Haddock Quenelles in Saffron Fish Broth

Light, fluffy dumplings swimming in a flavorful pool of delight, inspired by a character from the past.

Dec. 31, 1985, was memorable on several counts. First of all, I made a lavish New Year’s Eve feast inspired by the vintage cookbook “Francatelli’s Modern Cook” 1887, a revision of earlier editions. I had picked this up for a buck at a bookstall, and loved browsing its yellowed pages. Francatelli, a British cook of Italian parents, loved the French touch and grand displays. He was chief chef to Queen Victoria for several years, chef to other nobility, famous club houses, and hotels. He was also a noted cookbook author, this particular book being in print for a half century with 29 editions. You may have enjoyed this flamboyant character in the PBS series “Victoria,” a series I highly recommed.

Labor intensive

Francatelli was quite a character indeed, a celebrity chef of the time, known for his difficult personality in his kitchens.
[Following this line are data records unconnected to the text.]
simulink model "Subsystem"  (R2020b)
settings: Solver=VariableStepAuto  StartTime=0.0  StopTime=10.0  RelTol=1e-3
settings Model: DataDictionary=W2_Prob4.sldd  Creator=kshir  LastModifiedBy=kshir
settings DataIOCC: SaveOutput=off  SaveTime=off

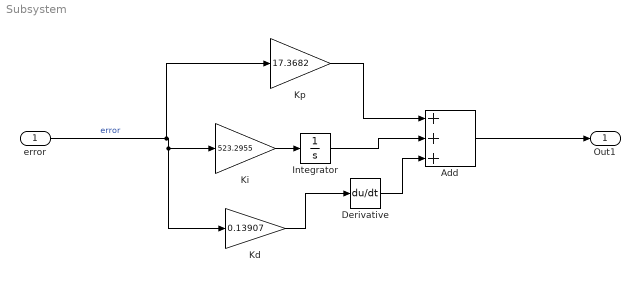
== system Subsystem ==
  error : Inport  OutDataTypeStr=double  PortDimensions=1  SampleTime=0
  Add : Sum  Inputs=+++
  Derivative : Derivative
  Integrator : Integrator
  Kd : Gain  Gain=0.13907
  Ki : Gain  Gain=523.2955
  Kp : Gain  Gain=17.3682
  Out1 : Outport  OutDataTypeStr=double  PortDimensions=1  SampleTime=0
  wires:
  Ki/1 -> Integrator/1
  Integrator/1 -> Add/2
  error/1 -> Kp/1, Ki/1, Kd/1  "error"
  Kd/1 -> Derivative/1
  Kp/1 -> Add/1
  Add/1 -> Out1/1
  Derivative/1 -> Add/3
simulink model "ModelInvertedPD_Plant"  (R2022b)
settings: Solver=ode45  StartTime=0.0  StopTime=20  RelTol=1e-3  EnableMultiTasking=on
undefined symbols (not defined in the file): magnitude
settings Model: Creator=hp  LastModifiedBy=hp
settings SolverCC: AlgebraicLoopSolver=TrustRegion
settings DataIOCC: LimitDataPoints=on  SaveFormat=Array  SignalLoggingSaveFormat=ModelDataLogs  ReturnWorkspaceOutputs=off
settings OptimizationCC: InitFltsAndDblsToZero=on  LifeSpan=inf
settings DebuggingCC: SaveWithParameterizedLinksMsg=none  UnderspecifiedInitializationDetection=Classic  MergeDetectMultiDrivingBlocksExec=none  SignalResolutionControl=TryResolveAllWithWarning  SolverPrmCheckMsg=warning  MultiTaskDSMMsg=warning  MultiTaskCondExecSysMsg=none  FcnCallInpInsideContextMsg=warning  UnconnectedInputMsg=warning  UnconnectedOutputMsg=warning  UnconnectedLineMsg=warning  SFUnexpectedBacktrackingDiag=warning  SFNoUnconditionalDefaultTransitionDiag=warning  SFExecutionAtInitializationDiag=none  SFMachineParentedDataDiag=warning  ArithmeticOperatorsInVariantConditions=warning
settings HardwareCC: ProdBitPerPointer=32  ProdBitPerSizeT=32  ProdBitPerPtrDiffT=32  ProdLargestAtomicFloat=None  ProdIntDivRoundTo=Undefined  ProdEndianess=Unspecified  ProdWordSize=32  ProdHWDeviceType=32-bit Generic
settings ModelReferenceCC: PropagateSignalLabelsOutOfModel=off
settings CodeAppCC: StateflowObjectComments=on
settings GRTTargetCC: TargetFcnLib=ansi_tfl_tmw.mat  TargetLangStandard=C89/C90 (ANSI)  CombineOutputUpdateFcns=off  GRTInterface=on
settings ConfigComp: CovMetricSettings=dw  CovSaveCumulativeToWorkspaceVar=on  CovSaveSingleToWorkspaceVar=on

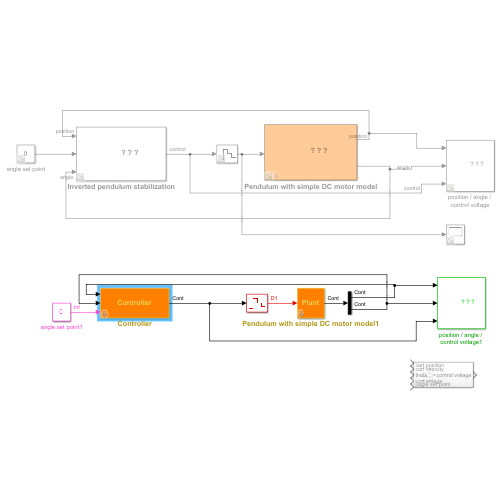
[thumbnail: Simulink's stored preview of the top-level diagram]
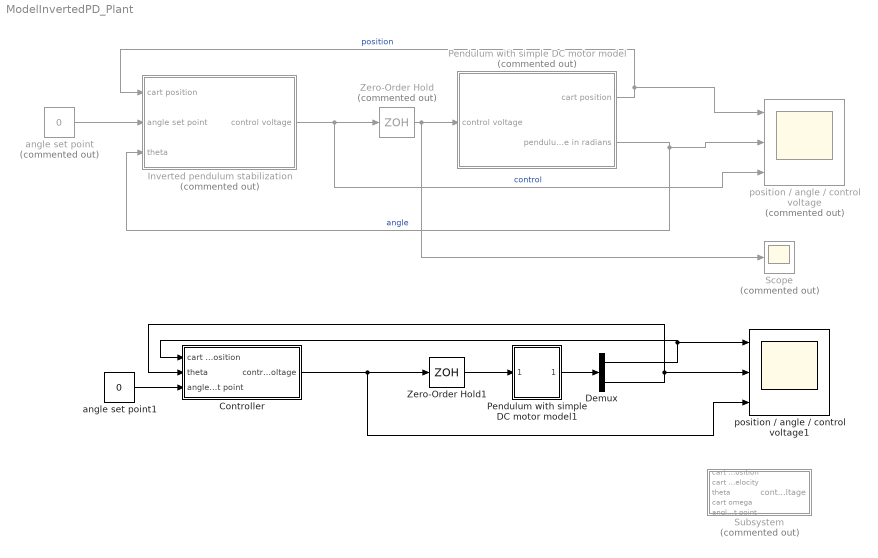
== system ModelInvertedPD_Plant ==
  Controller : Subsystem  mask{m=0.23, cM=2.4, L=0.4, g=9.81, I=0.099, theta0=0.2, cart_friction=0.05, pend_damp=0.005}
      mask prompts: m "Pendulum mass"; cM "Cart mass"; L "Pendulum length"; g "gravitational constant"; I "Moment of inertia of the pole itself"; theta0 "Initial pendulum angle"; cart_friction "Cart friction coefficient"; pend_damp "Pendulum damping coefficient"
      mask Display: fprintf("Controller");
  Demux : Demux  Outputs=2
  Inverted pendulum stabilization : Subsystem  Commented=on
      mask Display: image(imread('bckg.bmp'))disp('Inverted pendulum \nstabilization')
  Pendulum with simple DC motor model : Subsystem  Commented=on  mask{m=0.23, cM=2.4, L=0.4, g=9.81, I=0.099, theta0=0.2, cart_friction=0.05, pend_damp=0.005}
      mask prompts: m "Pendulum mass"; cM "Cart mass"; L "Pendulum length"; g "gravitational constant"; I "Moment of inertia of the pole itself"; theta0 "Initial pendulum angle"; cart_friction "Cart friction coefficient"; pend_damp "Pendulum damping coefficient"
      mask Display: image(imread('pend.bmp'))
  Pendulum with simple DC motor model1 : Subsystem  mask{m=0.23, cM=2.4, L=0.4, g=9.81, I=0.099, theta0=0.2, cart_friction=0.05, pend_damp=0.005}
      mask prompts: m "Pendulum mass"; cM "Cart mass"; L "Pendulum length"; g "gravitational constant"; I "Moment of inertia of the pole itself"; theta0 "Initial pendulum angle"; cart_friction "Cart friction coefficient"; pend_damp "Pendulum damping coefficient"
      mask Display: fprintf("Plant");
  Scope : Scope  Commented=on
  Subsystem : Subsystem  Commented=on
  Zero-Order Hold : ZeroOrderHold  Commented=on  SampleTime=0.001
  Zero-Order Hold1 : ZeroOrderHold  SampleTime=0.001
  angle set point : Constant  Commented=on  Value=0
  angle set point1 : Constant  Value=0  VectorParams1D=off
  position / angle / control voltage : Scope  Commented=on  NumInputPorts=3
      mask Display: image(imread('scope.jpg'))
  position / angle / control voltage1 : Scope  NumInputPorts=3
      mask Display: image(imread('scope.jpg'))
  wires:
  Pendulum with simple DC motor model/1(cart position) -> Inverted pendulum stabilization/1(cart position), position / angle / control voltage/1  "position"
  Pendulum with simple DC motor model/2(pendulum angle in radians) -> Inverted pendulum stabilization/3(theta), position / angle / control voltage/2  "angle"
  angle set point/1 -> Inverted pendulum stabilization/2(angle set point)
  Inverted pendulum stabilization/1(control voltage) -> Zero-Order Hold/1, position / angle / control voltage/3  "control"
  Zero-Order Hold/1 -> Scope/1, Pendulum with simple DC motor model/1(control voltage)
  Zero-Order Hold1/1 -> Pendulum with simple DC motor model1/1(control voltage)
  angle set point1/1 -> Controller/3(angle set point)
  Pendulum with simple DC motor model1/1(state) -> Demux/1
  Controller/1(control voltage) -> position / angle / control voltage1/3, Zero-Order Hold1/1
  Demux/1 -> Controller/1(cart position), position / angle / control voltage1/1
  Demux/2 -> Controller/2(theta), position / angle / control voltage1/2

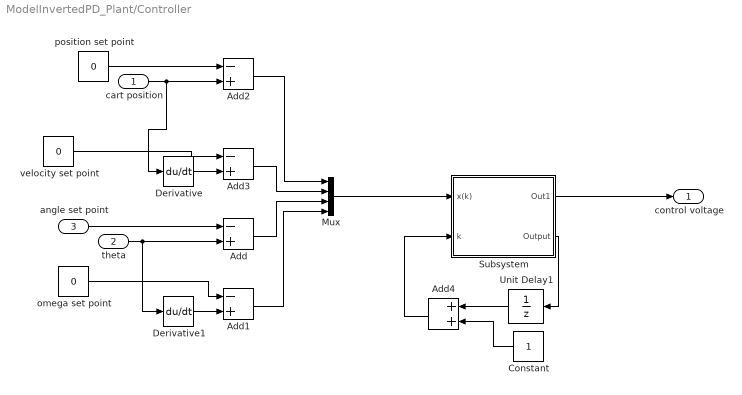
== system ModelInvertedPD_Plant/Controller ==
  cart position : Inport
  theta : Inport  Port=2
  angle set point : Inport  Port=3
  Add{,1..3} (4 alike) : Sum  Inputs=-+
  Add4 : Sum
  Constant : Constant
  Derivative : Derivative
  Derivative1 : Derivative
  Mux : Mux
  Subsystem : Subsystem  mask{ao=0.1, e=10, ko=2, tf=9, A=|, B=|, C=[-0.0408, -0.3333 ,0,  0.1228];}
      mask A=|
      | [0      1              0           0;
      |      0 -(I+m*l^2)*b/p  -(m^2*g*l^2)/p   +m*l*k/p;
      |      0      0              0           1;
      |      0 +(m*l*b)/p       m*g*l*(M+m)/p -k*(M+m)/p];
      mask B=|
      | [     0;
      |      (I+m*l^2)/p;
      |           0;
      |         -m*l/p];
  Unit Delay1 : UnitDelay  InitialCondition=1  SampleTime=-1  HasFrameUpgradeWarning=on
  omega set point : Constant  Value=0
  position set point : Constant  Value=0
  velocity set point : Constant  Value=0
  control voltage : Outport
  wires:
  Add1/1 -> Mux/4
  Add2/1 -> Mux/1
  Add3/1 -> Mux/2
  Add/1 -> Mux/3
  position set point/1 -> Add2/1
  velocity set point/1 -> Add3/1
  omega set point/1 -> Add1/1
  angle set point/1 -> Add/1
  Mux/1 -> Subsystem/1(x(k))
  Subsystem/1(Out1) -> control voltage/1
  Subsystem/2(Output) -> Unit Delay1/1
  Unit Delay1/1 -> Add4/1
  Constant/1 -> Add4/2
  Add4/1 -> Subsystem/2(k)
  Derivative/1 -> Add3/2
  theta/1 -> Derivative1/1, Add/2
  cart position/1 -> Derivative/1, Add2/2
  Derivative1/1 -> Add1/2

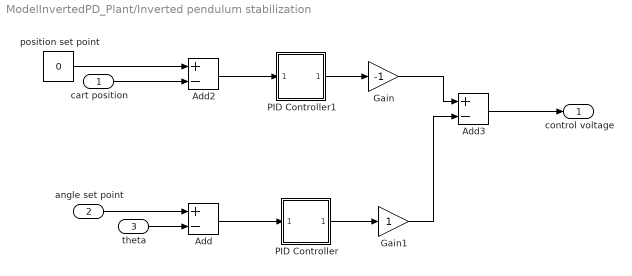
== system ModelInvertedPD_Plant/Inverted pendulum stabilization ==
  cart position : Inport
  angle set point : Inport  Port=2
  theta : Inport  Port=3
  Add : Sum  Inputs=+-
  Add2 : Sum  Inputs=+-
  Add3 : Sum  Inputs=+-
  Gain : Gain  Gain=-1
  Gain1 : Gain
  PID Controller : Subsystem  AncestorBlock=simulink_extras/Additional Linear/PID Controller  mask(PID Controller){P=40, I=5, D=9}
      mask prompts: P "Proportional:"; I "Integral:"; D "Derivative:"
      mask help:
      | Enter expressions for proportional, integral, and derivative terms.
      | P+I/s+Ds
      settings: LibrarySourceBlock=|
      | simulink_extras/Additional
      | Linear/PID Controller
      mask Help: This block implements a PID controller where parameters are entered for the Proportional, Integral and Derivative terms. Unmask this block to see how it works. The derivative term is implemented using a true derivative block.
      mask Display: image(imread('bckg.bmp'))disp('PID')
  PID Controller1 : Subsystem  AncestorBlock=simulink_extras/Additional Linear/PID Controller  mask(PID Controller){P=0.2, I=0.001, D=0}
      mask prompts: P "Proportional:"; I "Integral:"; D "Derivative:"
      mask help:
      | Enter expressions for proportional, integral, and derivative terms.
      | P+I/s+Ds
      settings: LibrarySourceBlock=|
      | simulink_extras/Additional
      | Linear/PID Controller
      mask Help: This block implements a PID controller where parameters are entered for the Proportional, Integral and Derivative terms. Unmask this block to see how it works. The derivative term is implemented using a true derivative block.
      mask Display: image(imread('bckg.bmp'))disp('PID')
  position set point : Constant  Value=0
  control voltage : Outport
  wires:
  PID Controller/1(Out_1) -> Gain1/1
  Add/1 -> PID Controller/1(In_1)
  position set point/1 -> Add2/1
  Add2/1 -> PID Controller1/1(In_1)
  PID Controller1/1(Out_1) -> Gain/1
  Gain/1 -> Add3/1
  cart position/1 -> Add2/2
  theta/1 -> Add/2
  angle set point/1 -> Add/1
  Add3/1 -> control voltage/1
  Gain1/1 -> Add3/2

In the introductions to his books, he refers to himself entirely in the third person, The Author. (see below)

Now, this “modern cook” for whom the book was written must certainly have had wealth and resources, and quite a staff! While there are elaborate menus for just six, some of the plans are for hundreds, and many of the menus are for special meals served to the Queen. I can only imagine how many people it took to prepare and serve them. A village’s worth, I’m sure.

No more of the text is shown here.